BRIEF: Once the line containing "VP/1 -> Chart3/3(pacing)" is found in the entries below, reproduce it and every line after it, stopping at and including the line containing "the ventricular lead."; reproduce nothing else, and keep each line exact.

━━━━━ THE INPUT ━━━━━

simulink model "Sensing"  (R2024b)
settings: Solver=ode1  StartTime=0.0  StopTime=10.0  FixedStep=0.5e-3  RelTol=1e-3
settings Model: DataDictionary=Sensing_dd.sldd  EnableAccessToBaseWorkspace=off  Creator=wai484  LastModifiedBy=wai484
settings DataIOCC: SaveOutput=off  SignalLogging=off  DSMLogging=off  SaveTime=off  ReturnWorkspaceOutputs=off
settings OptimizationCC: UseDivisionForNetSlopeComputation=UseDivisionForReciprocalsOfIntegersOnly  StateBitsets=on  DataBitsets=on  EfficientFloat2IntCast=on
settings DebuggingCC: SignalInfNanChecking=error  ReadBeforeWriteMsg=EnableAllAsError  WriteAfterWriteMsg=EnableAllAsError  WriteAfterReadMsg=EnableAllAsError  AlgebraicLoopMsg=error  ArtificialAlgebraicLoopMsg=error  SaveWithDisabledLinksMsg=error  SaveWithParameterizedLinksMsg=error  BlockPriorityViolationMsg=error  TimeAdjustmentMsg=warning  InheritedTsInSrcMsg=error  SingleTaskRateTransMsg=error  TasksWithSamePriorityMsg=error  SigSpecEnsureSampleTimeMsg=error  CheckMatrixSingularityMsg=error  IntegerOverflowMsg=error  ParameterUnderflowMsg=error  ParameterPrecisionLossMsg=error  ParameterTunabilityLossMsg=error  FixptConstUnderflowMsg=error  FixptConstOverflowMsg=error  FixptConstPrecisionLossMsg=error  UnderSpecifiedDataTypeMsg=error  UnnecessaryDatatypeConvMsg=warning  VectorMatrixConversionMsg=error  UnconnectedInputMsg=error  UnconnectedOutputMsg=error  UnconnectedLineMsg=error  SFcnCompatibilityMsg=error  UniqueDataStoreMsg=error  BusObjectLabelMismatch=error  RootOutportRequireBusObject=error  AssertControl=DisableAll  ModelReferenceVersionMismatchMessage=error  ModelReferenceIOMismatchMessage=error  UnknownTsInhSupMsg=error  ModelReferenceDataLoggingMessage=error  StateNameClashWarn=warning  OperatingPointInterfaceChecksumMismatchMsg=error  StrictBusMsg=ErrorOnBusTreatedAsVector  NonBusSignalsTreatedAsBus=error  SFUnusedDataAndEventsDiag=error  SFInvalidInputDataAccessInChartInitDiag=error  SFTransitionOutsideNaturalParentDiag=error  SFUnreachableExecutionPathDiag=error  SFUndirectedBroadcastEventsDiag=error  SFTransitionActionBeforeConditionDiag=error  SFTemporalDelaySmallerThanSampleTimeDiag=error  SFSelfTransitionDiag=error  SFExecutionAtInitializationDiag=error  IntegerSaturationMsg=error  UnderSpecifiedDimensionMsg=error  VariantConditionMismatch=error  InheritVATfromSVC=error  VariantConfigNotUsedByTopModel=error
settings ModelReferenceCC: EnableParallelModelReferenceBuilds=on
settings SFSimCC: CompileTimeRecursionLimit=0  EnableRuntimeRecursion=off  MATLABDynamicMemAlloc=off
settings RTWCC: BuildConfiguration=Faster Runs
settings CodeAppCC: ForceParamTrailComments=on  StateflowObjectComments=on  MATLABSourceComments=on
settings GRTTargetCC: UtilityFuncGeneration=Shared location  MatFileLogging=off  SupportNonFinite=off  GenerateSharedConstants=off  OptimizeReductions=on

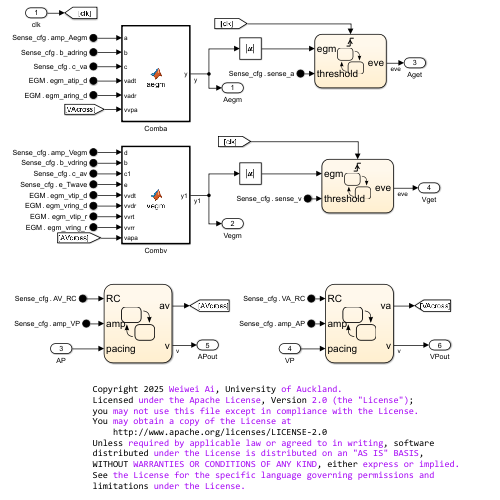
[thumbnail: Simulink's stored preview of the top-level diagram]
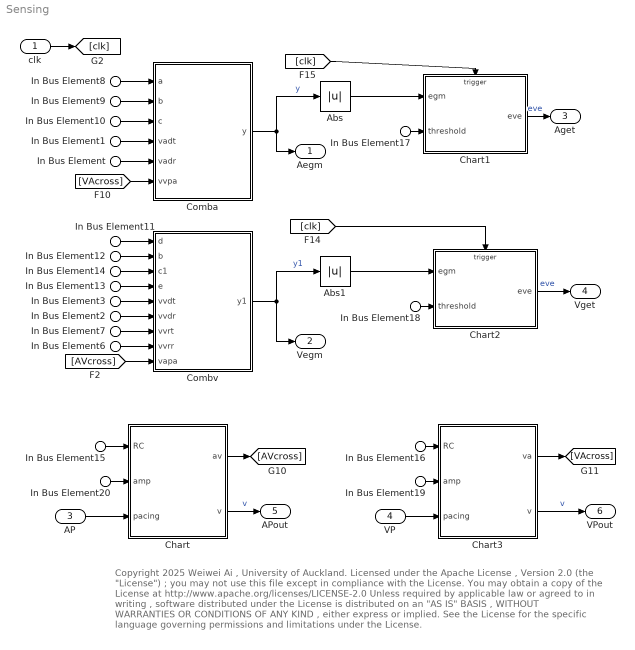
== system Sensing ==
  note: Copyright 2025 Weiwei Ai , University of Auckland.
      | Licensed under the Apache License , Version 2.0 (the "License") ;
      | you may not use this file except in compliance with the License.
      | You may obtain a copy of the License at
      | http://www.apache.org/licenses/LICENSE-2.0
      | Unless required by applicable law or agreed to in writing , software
      | distributed under the License is distributed on an "AS IS" BASIS ,
      | WITHOUT WARRANTIES OR CONDITIONS OF ANY KIND , either express or implied.
      | See the License for the specific language governing permissions and
      | limitations under the License.
  clk : Inport  OutDataTypeStr=double  PortDimensions=1
  In Bus Element : Inport  Port=2  PortName=EGM  Element=aring_d
  In Bus Element1 : Inport  Port=2  PortName=EGM  Element=atip_d
  In Bus Element2 : Inport  Port=2  PortName=EGM  Element=vring_d
  In Bus Element3 : Inport  Port=2  PortName=EGM  Element=vtip_d
  In Bus Element6 : Inport  Port=2  PortName=EGM  Element=vring_r
  In Bus Element7 : Inport  Port=2  PortName=EGM  Element=vtip_r
  AP : Inport  Port=3  OutDataTypeStr=double  PortDimensions=1
  VP : Inport  Port=4  OutDataTypeStr=double  PortDimensions=1
  In Bus Element8 : Inport  Port=5  PortName=Sense_cfg  Element=amp_Aegm
  In Bus Element9 : Inport  Port=5  PortName=Sense_cfg  Element=b_adring
  In Bus Element10 : Inport  Port=5  PortName=Sense_cfg  Element=c_va
  In Bus Element11 : Inport  Port=5  PortName=Sense_cfg  Element=amp_Vegm
  In Bus Element12 : Inport  Port=5  PortName=Sense_cfg  Element=b_vdring
  In Bus Element13 : Inport  Port=5  PortName=Sense_cfg  Element=e_Twave
  In Bus Element14 : Inport  Port=5  PortName=Sense_cfg  Element=c_av
  In Bus Element15 : Inport  Port=5  PortName=Sense_cfg  Element=AV_RC
  In Bus Element16 : Inport  Port=5  PortName=Sense_cfg  Element=VA_RC
  In Bus Element17 : Inport  Port=5  PortName=Sense_cfg  Element=sense_a
  In Bus Element18 : Inport  Port=5  PortName=Sense_cfg  Element=sense_v
  In Bus Element19 : Inport  Port=5  PortName=Sense_cfg  Element=amp_AP
  In Bus Element20 : Inport  Port=5  PortName=Sense_cfg  Element=amp_VP
  Abs : Abs  SaturateOnIntegerOverflow=off
  Abs1 : Abs  SaturateOnIntegerOverflow=off
  Chart : Stateflow chart  TreatAsAtomicUnit=on
  Chart1 : Stateflow chart  TreatAsAtomicUnit=on
  Chart2 : Stateflow chart  TreatAsAtomicUnit=on
  Chart3 : Stateflow chart  TreatAsAtomicUnit=on
  Comba : MATLAB Function  TreatAsAtomicUnit=on
  Combv : MATLAB Function  TreatAsAtomicUnit=on
  Aegm : Outport  OutDataTypeStr=double  PortDimensions=1  SampleTime=[0,1]
  Vegm : Outport  Port=2  OutDataTypeStr=double  PortDimensions=1  SampleTime=[0,1]
  Aget : Outport  Port=3  OutDataTypeStr=double  PortDimensions=1
  Vget : Outport  Port=4  OutDataTypeStr=double  PortDimensions=1
  APout : Outport  Port=5  OutDataTypeStr=double  PortDimensions=1  SampleTime=[0,1]
  VPout : Outport  Port=6  OutDataTypeStr=double  PortDimensions=1  SampleTime=[0,1]
  wires:
  Comba/1(y) -> Abs/1, Aegm/1  "y"
  AP/1 -> Chart/3(pacing)
  VP/1 -> Chart3/3(pacing)
  In Bus Element1/1 -> Comba/4(vadt)
  In Bus Element/1 -> Comba/5(vadr)
  Combv/1(y1) -> Vegm/1, Abs1/1  "y1"
  [AVcross] -> Combv/9(vapa)
  [VAcross] -> Comba/6(vvpa)
  Chart/2(v) -> APout/1  "v"
  Chart3/1(va) -> [VAcross]
  Chart3/2(v) -> VPout/1  "v"
  Chart1/1(eve) -> Aget/1  "eve"
  Abs/1 -> Chart1/1(egm)
  clk/1 -> [clk]
  [clk] -> Chart1/Trigger
  Chart2/1(eve) -> Vget/1  "eve"
  Abs1/1 -> Chart2/1(egm)
  [clk] -> Chart2/Trigger
  In Bus Element8/1 -> Comba/1(a)
  In Bus Element9/1 -> Comba/2(b)
  In Bus Element10/1 -> Comba/3(c)
  In Bus Element11/1 -> Combv/1(d)
  In Bus Element12/1 -> Combv/2(b)
  In Bus Element13/1 -> Combv/4(e)
  In Bus Element14/1 -> Combv/3(c1)
  In Bus Element3/1 -> Combv/5(vvdt)
  In Bus Element2/1 -> Combv/6(vvdr)
  In Bus Element7/1 -> Combv/7(vvrt)
  In Bus Element6/1 -> Combv/8(vvrr)
  Chart/1(av) -> [AVcross]
  In Bus Element15/1 -> Chart/1(RC)
  In Bus Element16/1 -> Chart3/1(RC)
  In Bus Element20/1 -> Chart/2(amp)
  In Bus Element19/1 -> Chart3/2(amp)
  In Bus Element17/1 -> Chart1/2(threshold)
  In Bus Element18/1 -> Chart2/2(threshold)

== matlab function Sensing/Combv ==
  data: d input; y1 output; b input; c1 input; e input; vvdt input; vvdr input; vvrt input; vvrr input; vapa input
function y1 = vegm(d,b,c1,e,vvdt,vvdr,vvrt,vvrr,vapa)
%#codegen
%VEGM Combine possible signals sensed by the ventricular lead.
%   d, b, c1, e are used to determine which signals are present to the device.
%
%   Inputs:
%       d - Weight for the amplitude of Aegm
%       b - Weight for the amplitude of the signal sensed by the ring
%       electrodes. When b=0, the output is unipolar.          
%       c1 - Scale the atrial pacing artifact (i.e.,AV crosstalk)
%       vvdt - Signal sensed by the tip electrodes (depolarisation).
%       vvdr - Signal sensed by the ring electrodes (depolarisation).
%       vvrt - Signal sensed by the tip electrodes (repolarisation).
%       vvrr - Signal sensed by the ring electrodes (repolarisation).
%       vapa - Atrial pacing artifact/afterpotentials (i.e.,AV crosstalk)

%   Outputs:
%       y - Signals sensed by the ventricular lead
y1 = d*(vvdt-b*vvdr+e*(vvrt-b*vvrr)+c1*vapa);

== stateflow chart Sensing/Chart1 ==
  settings: executeAtInitialization=1
  state Ini
  Ini -> Ini [order 1] : clk[egm>=threshold]/{eve=1;}
  (default) -> Ini
  Ini -> Ini [order 2] : clk[egm<threshold]/{eve=0;}
  data: egm input; threshold input; eve output
  events: clk input RISING_EDGE_EVENT

== stateflow chart Sensing/Chart3 ==
  settings: executeAtInitialization=1
  state S
    state After_potential [parallel]
      settings: executionOrder=1
      state Timer
        du:
        t=temporalCount(msec);
        va=exp(-t)/RC;
      state Ini
      state waith
      waith -> S.After_potential.Timer : [pacing==0]
      (default) -> S.After_potential.Ini : /{t=0;va=0;}
      S.After_potential.Ini -> waith : [pacing>=1]
      S.After_potential.Timer -> waith : [pacing>=1]/{t=0;va=0;}
    state Pulse [parallel]
      settings: executionOrder=2
      state Ini
      state Timer
        du:
        t1=temporalCount(msec);
        v=amp;
      state waitl
      S.Pulse.Ini -> S.Pulse.Timer : [pacing>=1]
      (default) -> S.Pulse.Ini : /{t1=0;v=0;}
      waitl -> S.Pulse.Ini : [pacing==0]
      S.Pulse.Timer -> waitl : [after(3,msec)]/{v=0;}
  (default) -> S
  data: va output; t local; RC input; v output; t1 local; amp input; pacing input

== stateflow chart Sensing/Chart ==
  settings: executeAtInitialization=1
  state S
    state After_potential [parallel]
      settings: executionOrder=1
      state Timer
        du:
        t=temporalCount(msec);
        av=exp(-t)/RC;
      state Ini
      state waith
      waith -> S.After_potential.Timer : [pacing==0]
      (default) -> S.After_potential.Ini : /{t=0;av=0;}
      S.After_potential.Ini -> waith : [pacing>=1]
      S.After_potential.Timer -> waith : [pacing>=1]/{t=0;av=0;}
    state Pulse [parallel]
      settings: executionOrder=2
      state Ini
      state Timer
        du:
        t1=temporalCount(msec);
        v=amp;
      state waitl
      S.Pulse.Ini -> S.Pulse.Timer : [pacing>=1]
      (default) -> S.Pulse.Ini : /{t1=0;v=0;}
      waitl -> S.Pulse.Ini : [pacing==0]
      S.Pulse.Timer -> waitl : [after(3,msec)]/{v=0;}
  (default) -> S
  data: av output; t local; RC input; v output; t1 local; amp input; pacing input

== stateflow chart Sensing/Chart2 ==
  settings: executeAtInitialization=1
  state Ini
  Ini -> Ini [order 1] : clk[egm>=threshold]/{eve=1;}
  (default) -> Ini
  Ini -> Ini [order 2] : clk[egm<threshold]/{eve=0;}
  data: egm input; threshold input; eve output
  events: clk input RISING_EDGE_EVENT

== matlab function Sensing/Comba ==
  data: a input; y output; b input; c input; vadt input; vadr input; vvpa input
function y = aegm(a,b,c,vadt,vadr,vvpa)
%#codegen
%AEGM Combine possible signals sensed by the atrial lead.
%   a, b, c are used to determine which signals are present to the device.
%
%   Inputs:
%       a - Weight for the amplitude of Aegm
%       b - Weight for the amplitude of the signal sensed by the ring
%       electrodes. When b=0, the output is unipolar.          
%       c - Scale the ventricular pacing artifact (i.e.,VA crosstalk)
%       vadt - Signal sensed by the tip electrodes (depolarisation).
%       vadr - Signal sensed by the ring electrodes (depolarisation).
%       vvpa - Ventricular pacing artifact/afterpotentials (i.e.,VA crosstalk)

%   Outputs:
%       y - Signals sensed by the atrial lead


y = a*(vadt-b*vadr+c*vvpa);

━━━━━

COMPLETED TASK:
  VP/1 -> Chart3/3(pacing)
  In Bus Element1/1 -> Comba/4(vadt)
  In Bus Element/1 -> Comba/5(vadr)
  Combv/1(y1) -> Vegm/1, Abs1/1  "y1"
  [AVcross] -> Combv/9(vapa)
  [VAcross] -> Comba/6(vvpa)
  Chart/2(v) -> APout/1  "v"
  Chart3/1(va) -> [VAcross]
  Chart3/2(v) -> VPout/1  "v"
  Chart1/1(eve) -> Aget/1  "eve"
  Abs/1 -> Chart1/1(egm)
  clk/1 -> [clk]
  [clk] -> Chart1/Trigger
  Chart2/1(eve) -> Vget/1  "eve"
  Abs1/1 -> Chart2/1(egm)
  [clk] -> Chart2/Trigger
  In Bus Element8/1 -> Comba/1(a)
  In Bus Element9/1 -> Comba/2(b)
  In Bus Element10/1 -> Comba/3(c)
  In Bus Element11/1 -> Combv/1(d)
  In Bus Element12/1 -> Combv/2(b)
  In Bus Element13/1 -> Combv/4(e)
  In Bus Element14/1 -> Combv/3(c1)
  In Bus Element3/1 -> Combv/5(vvdt)
  In Bus Element2/1 -> Combv/6(vvdr)
  In Bus Element7/1 -> Combv/7(vvrt)
  In Bus Element6/1 -> Combv/8(vvrr)
  Chart/1(av) -> [AVcross]
  In Bus Element15/1 -> Chart/1(RC)
  In Bus Element16/1 -> Chart3/1(RC)
  In Bus Element20/1 -> Chart/2(amp)
  In Bus Element19/1 -> Chart3/2(amp)
  In Bus Element17/1 -> Chart1/2(threshold)
  In Bus Element18/1 -> Chart2/2(threshold)

== matlab function Sensing/Combv ==
  data: d input; y1 output; b input; c1 input; e input; vvdt input; vvdr input; vvrt input; vvrr input; vapa input
function y1 = vegm(d,b,c1,e,vvdt,vvdr,vvrt,vvrr,vapa)
%#codegen
%VEGM Combine possible signals sensed by the ventricular lead.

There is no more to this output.